Economics Terms Series Part 6 – Assets, Revenues, Capitals, Sectors, Diseconomies, Population, Merger, Miscellaneous

PHYSICAL ASSETS

Non-financial assets or physical products, such as commercial and residential properties, that have value and therefore contribute to wealth.

FINANCIAL ASSETS

Non-physical assets, such as bank deposits, shares, bonds and other financial claims that have value.

LIQUID ASSETS

Financial assets that are ‘near money’, such as bank deposits, which can be converted into cash easily and quickly.

TOTAL REVENUE

Also known as turnover, total revenue is the total amount of money received by a firm from the sale of its goods or services in a given period.

AVERAGE REVENUE

The revenue per unit of output sold, found by dividing the total revenue from the sale of a given output by that volume of output.

WORKING CAPITAL

Money used to pay for day-to-day running costs in a business and invested in stocks of finished and unfinished products.

PERMANENT CAPITAL

Money raised from the sale of shares by a company that it will never need to repay.

PRIMARY SECTOR

Extractive industries or those producing natural resources.

SECONDARY SECTOR

All manufacturing and construction industries.

TERTIARY SECTOR

Service industries form this sector of an economy.

IMMIGRATION

Inward migration, the introduction of people from overseas into the population of a country.

EMIGRATION

The act of leaving your country to live overseas.

NET MIGRATION

The difference between the number of immigrants and emigrants to and from a country per period of time.

CONSUMER COOPERATIVE

A business organization owned by its customers and run for their mutual benefit.

WORKER COOPERATIVE

A business organization owned and managed by its worker-owners.

LABOUR DISECONOMIES

Rising unit costs resulting from shortages of labour or increasing disputes with trade unions as a firm grows beyond its optimum size.

MANAGEMENT DISECONOMIES

Rising unit costs resulting from an increase in management costs as a firm’s size increases – for example, communication problems caused by too many layers of management or too many premises in too many locations to manage effectively.

LABOUR MOBILITY

The ease with which workers can move between different occupations or jobs.

LABOUR PRODUCTIVITY

The average output or revenue per worker per period of time.

OCCUPATIONAL IMMOBILITY

The inability of workers to move easily between from one occupation to another because they lack the skills required.
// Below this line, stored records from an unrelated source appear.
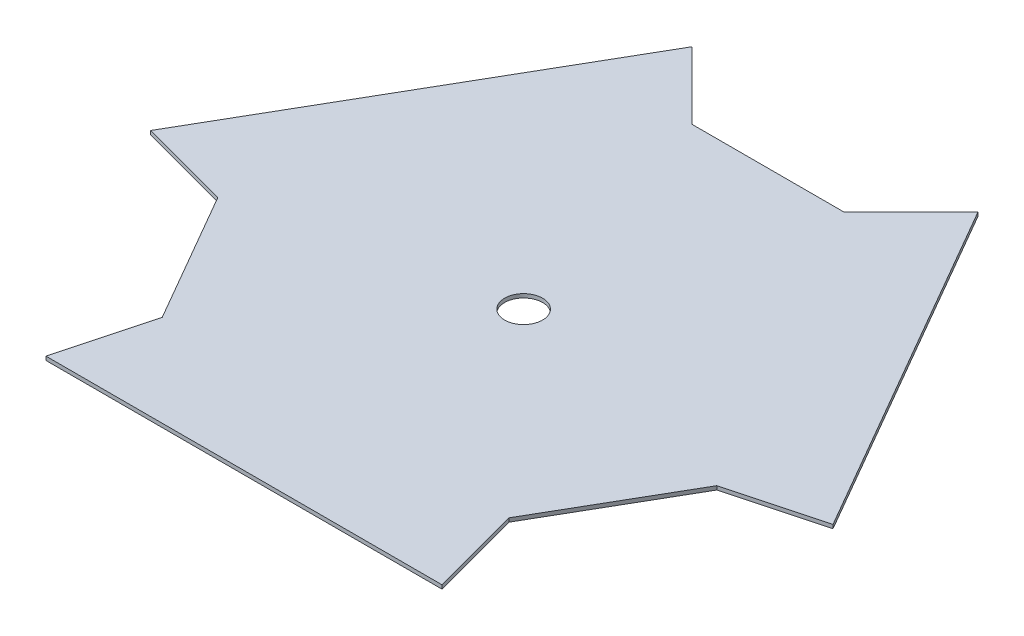
ISO-10303-21;
HEADER;
FILE_DESCRIPTION(('STEP AP214'),'2;1');
FILE_NAME('part.step','',(''),(''),'','','');
FILE_SCHEMA(('AUTOMOTIVE_DESIGN { 1 0 10303 214 1 1 1 1 }'));
ENDSEC;
DATA;
#1=APPLICATION_CONTEXT('core data for automotive mechanical design processes');
#2=APPLICATION_PROTOCOL_DEFINITION('international standard','automotive_design',2000,#1);
#3=PRODUCT_CONTEXT('',#1,'mechanical');
#4=PRODUCT('Part','Part','',(#3));
#5=PRODUCT_RELATED_PRODUCT_CATEGORY('part','',(#4));
#6=PRODUCT_DEFINITION_FORMATION('','',#4);
#7=PRODUCT_DEFINITION_CONTEXT('part definition',#1,'design');
#8=PRODUCT_DEFINITION('design','',#6,#7);
#9=PRODUCT_DEFINITION_SHAPE('','',#8);
#10=(LENGTH_UNIT() NAMED_UNIT(*) SI_UNIT(.MILLI.,.METRE.));
#11=(NAMED_UNIT(*) PLANE_ANGLE_UNIT() SI_UNIT($,.RADIAN.));
#12=(NAMED_UNIT(*) SI_UNIT($,.STERADIAN.) SOLID_ANGLE_UNIT());
#13=UNCERTAINTY_MEASURE_WITH_UNIT(LENGTH_MEASURE(1.E-05),#10,'distance_accuracy_value','');
#14=(GEOMETRIC_REPRESENTATION_CONTEXT(3) GLOBAL_UNCERTAINTY_ASSIGNED_CONTEXT((#13)) GLOBAL_UNIT_ASSIGNED_CONTEXT((#10,
#11,#12)) REPRESENTATION_CONTEXT('',''));
#15=CARTESIAN_POINT('',(0.,0.,0.));
#16=DIRECTION('',(0.,0.,1.));
#17=DIRECTION('',(1.,0.,0.));
#18=AXIS2_PLACEMENT_3D('',#15,#16,#17);
#19=CARTESIAN_POINT('',(-132.853430349157,2.,388.07041555162));
#20=DIRECTION('',(0.,0.,-1.));
#21=DIRECTION('',(-1.,0.,0.));
#22=AXIS2_PLACEMENT_3D('',#19,#20,#21);
#23=PLANE('',#22);
#24=DIRECTION('',(0.,1.,0.));
#25=VECTOR('',#24,1.);
#26=CARTESIAN_POINT('',(104.396227092789,-1.,388.07041555162));
#27=LINE('',#26,#25);
#28=CARTESIAN_POINT('',(104.396227092789,0.,388.07041555162));
#29=VERTEX_POINT('',#28);
#30=CARTESIAN_POINT('',(104.396227092789,2.,388.07041555162));
#31=VERTEX_POINT('',#30);
#32=EDGE_CURVE('E48',#29,#31,#27,.T.);
#33=ORIENTED_EDGE('',*,*,#32,.T.);
#34=DIRECTION('',(1.,0.,0.));
#35=VECTOR('',#34,1.);
#36=CARTESIAN_POINT('',(-132.853430349157,2.,388.07041555162));
#37=LINE('',#36,#35);
#38=CARTESIAN_POINT('',(-104.396227092788,2.,388.07041555162));
#39=VERTEX_POINT('',#38);
#40=EDGE_CURVE('E193',#39,#31,#37,.T.);
#41=ORIENTED_EDGE('',*,*,#40,.F.);
#42=DIRECTION('',(0.,1.,0.));
#43=VECTOR('',#42,1.);
#44=CARTESIAN_POINT('',(-104.396227092788,-1.,388.07041555162));
#45=LINE('',#44,#43);
#46=CARTESIAN_POINT('',(-104.396227092788,0.,388.07041555162));
#47=VERTEX_POINT('',#46);
#48=EDGE_CURVE('E183',#47,#39,#45,.T.);
#49=ORIENTED_EDGE('',*,*,#48,.F.);
#50=DIRECTION('',(1.,0.,0.));
#51=VECTOR('',#50,1.);
#52=CARTESIAN_POINT('',(-132.853430349157,0.,388.07041555162));
#53=LINE('',#52,#51);
#54=EDGE_CURVE('E190',#47,#29,#53,.T.);
#55=ORIENTED_EDGE('',*,*,#54,.T.);
#56=EDGE_LOOP('',(#33,#41,#49,#55));
#57=FACE_BOUND('',#56,.T.);
#58=ADVANCED_FACE('F34',(#57),#23,.F.);
#59=CARTESIAN_POINT('',(61.1769145362399,2.,52.));
#60=DIRECTION('',(-0.866025403784438,0.,0.5));
#61=DIRECTION('',(0.5,0.,0.866025403784438));
#62=AXIS2_PLACEMENT_3D('',#59,#60,#61);
#63=PLANE('',#62);
#64=DIRECTION('',(0.,1.,0.));
#65=VECTOR('',#64,1.);
#66=CARTESIAN_POINT('',(75.4055161644238,-1.,76.6446609406722));
#67=LINE('',#66,#65);
#68=CARTESIAN_POINT('',(75.405516164424,0.,76.6446609406721));
#69=VERTEX_POINT('',#68);
#70=CARTESIAN_POINT('',(75.4055161644238,2.,76.6446609406722));
#71=VERTEX_POINT('',#70);
#72=EDGE_CURVE('E56',#69,#71,#67,.T.);
#73=ORIENTED_EDGE('',*,*,#72,.T.);
#74=DIRECTION('',(-0.5,0.,-0.866025403784438));
#75=VECTOR('',#74,1.);
#76=CARTESIAN_POINT('',(61.1769145362399,2.,52.));
#77=LINE('',#76,#75);
#78=CARTESIAN_POINT('',(179.801743257213,2.,257.46423038388));
#79=VERTEX_POINT('',#78);
#80=EDGE_CURVE('E196',#79,#71,#77,.T.);
#81=ORIENTED_EDGE('',*,*,#80,.F.);
#82=DIRECTION('',(0.,1.,0.));
#83=VECTOR('',#82,1.);
#84=CARTESIAN_POINT('',(179.801743257213,-1.,257.46423038388));
#85=LINE('',#84,#83);
#86=CARTESIAN_POINT('',(179.801743257213,0.,257.46423038388));
#87=VERTEX_POINT('',#86);
#88=EDGE_CURVE('E176',#87,#79,#85,.T.);
#89=ORIENTED_EDGE('',*,*,#88,.F.);
#90=DIRECTION('',(-0.5,0.,-0.866025403784438));
#91=VECTOR('',#90,1.);
#92=CARTESIAN_POINT('',(61.1769145362399,0.,52.));
#93=LINE('',#92,#91);
#94=EDGE_CURVE('E203',#87,#69,#93,.T.);
#95=ORIENTED_EDGE('',*,*,#94,.T.);
#96=EDGE_LOOP('',(#73,#81,#89,#95));
#97=FACE_BOUND('',#96,.T.);
#98=ADVANCED_FACE('F240',(#97),#63,.F.);
#99=CARTESIAN_POINT('',(-194.030344885397,2.,282.108891324553));
#100=DIRECTION('',(0.866025403784438,0.,0.5));
#101=DIRECTION('',(0.5,0.,-0.866025403784438));
#102=AXIS2_PLACEMENT_3D('',#99,#100,#101);
#103=PLANE('',#102);
#104=DIRECTION('',(0.,1.,0.));
#105=VECTOR('',#104,1.);
#106=CARTESIAN_POINT('',(-75.4055161644245,-1.,76.644660940673));
#107=LINE('',#106,#105);
#108=CARTESIAN_POINT('',(-75.4055161644245,0.,76.644660940673));
#109=VERTEX_POINT('',#108);
#110=CARTESIAN_POINT('',(-75.4055161644245,2.,76.644660940673));
#111=VERTEX_POINT('',#110);
#112=EDGE_CURVE('E168',#109,#111,#107,.T.);
#113=ORIENTED_EDGE('',*,*,#112,.F.);
#114=DIRECTION('',(-0.5,0.,0.866025403784438));
#115=VECTOR('',#114,1.);
#116=CARTESIAN_POINT('',(-194.030344885397,0.,282.108891324553));
#117=LINE('',#116,#115);
#118=CARTESIAN_POINT('',(-179.801743257213,0.,257.464230383881));
#119=VERTEX_POINT('',#118);
#120=EDGE_CURVE('E197',#109,#119,#117,.T.);
#121=ORIENTED_EDGE('',*,*,#120,.T.);
#122=DIRECTION('',(0.,1.,0.));
#123=VECTOR('',#122,1.);
#124=CARTESIAN_POINT('',(-179.801743257213,-1.,257.464230383881));
#125=LINE('',#124,#123);
#126=CARTESIAN_POINT('',(-179.801743257213,2.,257.464230383881));
#127=VERTEX_POINT('',#126);
#128=EDGE_CURVE('E132',#119,#127,#125,.T.);
#129=ORIENTED_EDGE('',*,*,#128,.T.);
#130=DIRECTION('',(-0.5,0.,0.866025403784438));
#131=VECTOR('',#130,1.);
#132=CARTESIAN_POINT('',(-194.030344885397,2.,282.108891324553));
#133=LINE('',#132,#131);
#134=EDGE_CURVE('E147',#111,#127,#133,.T.);
#135=ORIENTED_EDGE('',*,*,#134,.F.);
#136=EDGE_LOOP('',(#113,#121,#129,#135));
#137=FACE_BOUND('',#136,.T.);
#138=ADVANCED_FACE('F258',(#137),#103,.F.);
#139=CARTESIAN_POINT('',(0.,2.,0.));
#140=DIRECTION('',(0.,-1.,0.));
#141=DIRECTION('',(0.,0.,-1.));
#142=AXIS2_PLACEMENT_3D('',#139,#140,#141);
#143=PLANE('',#142);
#144=CARTESIAN_POINT('',(0.,2.,240.726435625391));
#145=DIRECTION('',(0.,1.,0.));
#146=DIRECTION('',(0.,0.,1.));
#147=AXIS2_PLACEMENT_3D('',#144,#145,#146);
#148=CIRCLE('',#147,10.);
#149=CARTESIAN_POINT('',(0.,2.,250.726435625391));
#150=VERTEX_POINT('',#149);
#151=EDGE_CURVE('E170',#150,#150,#148,.T.);
#152=ORIENTED_EDGE('',*,*,#151,.F.);
#153=EDGE_LOOP('',(#152));
#154=FACE_BOUND('',#153,.T.);
#155=DIRECTION('',(-0.707106781186555,0.,-0.707106781186539));
#156=VECTOR('',#155,1.);
#157=CARTESIAN_POINT('',(-75.4055161644245,2.,76.644660940673));
#158=LINE('',#157,#156);
#159=CARTESIAN_POINT('',(-40.0501771050967,2.,112.));
#160=VERTEX_POINT('',#159);
#161=EDGE_CURVE('E166',#160,#111,#158,.T.);
#162=ORIENTED_EDGE('',*,*,#161,.T.);
#163=ORIENTED_EDGE('',*,*,#134,.T.);
#164=DIRECTION('',(0.965925826289071,0.,0.25881904510251));
#165=VECTOR('',#164,1.);
#166=CARTESIAN_POINT('',(-131.505451942759,2.,270.405182639007));
#167=LINE('',#166,#165);
#168=CARTESIAN_POINT('',(-131.505451942759,2.,270.405182639007));
#169=VERTEX_POINT('',#168);
#170=EDGE_CURVE('E125',#127,#169,#167,.T.);
#171=ORIENTED_EDGE('',*,*,#170,.T.);
#172=DIRECTION('',(0.5,0.,0.866025403784438));
#173=VECTOR('',#172,1.);
#174=CARTESIAN_POINT('',(-91.4552748376625,2.,339.774124237167));
#175=LINE('',#174,#173);
#176=CARTESIAN_POINT('',(-91.4552748376625,2.,339.774124237167));
#177=VERTEX_POINT('',#176);
#178=EDGE_CURVE('E135',#169,#177,#175,.T.);
#179=ORIENTED_EDGE('',*,*,#178,.T.);
#180=DIRECTION('',(-0.258819045102509,0.,0.965925826289071));
#181=VECTOR('',#180,1.);
#182=CARTESIAN_POINT('',(-104.396227092788,2.,388.07041555162));
#183=LINE('',#182,#181);
#184=EDGE_CURVE('E141',#177,#39,#183,.T.);
#185=ORIENTED_EDGE('',*,*,#184,.T.);
#186=ORIENTED_EDGE('',*,*,#40,.T.);
#187=DIRECTION('',(-0.258819045102532,0.,-0.965925826289065));
#188=VECTOR('',#187,1.);
#189=CARTESIAN_POINT('',(91.4552748376624,2.,339.774124237167));
#190=LINE('',#189,#188);
#191=CARTESIAN_POINT('',(91.4552748376624,2.,339.774124237167));
#192=VERTEX_POINT('',#191);
#193=EDGE_CURVE('E151',#31,#192,#190,.T.);
#194=ORIENTED_EDGE('',*,*,#193,.T.);
#195=DIRECTION('',(0.5,0.,-0.866025403784439));
#196=VECTOR('',#195,1.);
#197=CARTESIAN_POINT('',(131.505451942759,2.,270.405182639007));
#198=LINE('',#197,#196);
#199=CARTESIAN_POINT('',(131.505451942759,2.,270.405182639007));
#200=VERTEX_POINT('',#199);
#201=EDGE_CURVE('E154',#192,#200,#198,.T.);
#202=ORIENTED_EDGE('',*,*,#201,.T.);
#203=DIRECTION('',(0.965925826289065,0.,-0.258819045102532));
#204=VECTOR('',#203,1.);
#205=CARTESIAN_POINT('',(179.801743257213,2.,257.46423038388));
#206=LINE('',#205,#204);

It is often a feature of structural unemployment.

X-INEFFICIENCY

Increased costs resulting from ‘organizational slack’ or a lack of incentives in a firm that is protected from competition because it enjoys significant market power.

MANUFACTURING

Turning unprocessed natural resources and other unfinished products into other goods.

LEAN MANUFACTURING

Using the most modern production processes and working practices to continually reduce costs and waste, improve quality and increase output.

MASS PRODUCTION

The production, usually in a continuous flow, of a large amount of standardized products.

WORKING POPULATION

The economically active population or labour force in an economy.

DEPENDENT POPULATION

That part of a population that is economically inactive (not in paid employment) and therefore relies on others to produce the goods and services it consumes.

OVERPOPULATION

An economic condition in which there are too many people and too few resources.

POPULATION PYRAMID

A graph that shows the distribution of males and females in various age groups in a population.

DEPENDENCY RATIO

A measure that contrasts the number of people in the dependent population of a country with the working population in the same country.

ENTERPRISE

The skills and willingness to take the risks required to organize productive activity in a firm.

SME

A small or medium-sized enterprise.

MERGER

The combining of two or more business enterprises into a single enterprise.

TAKEOVER

The transfer of control of one company to another through the purchase of its shares.

PARTNERSHIP

A legal agreement between two or more people, usually no more than 20, to jointly own, finance and run a business, and to share any profits.

SLEEPING PARTNER

A person who invests money into a partnership, but is not involved in the day-to-day running of the business.

FINANCIAL INTERMEDIARY

An organization, such as a bank, that brings together customers who want to save money and others who wish to borrow it.

CENTRAL BANK

The main bank in an economy, responsible for managing the stability of its national currency and money supply, and for regulating its banking system.

COMMERCIAL BANK

A type of bank with individual and business customers that has retail branches in many towns and cities.

PUBLIC CORPORATION

A business organization created to perform a public sector function or to operate under government control, such as a municipal water company, public hospital or central bank.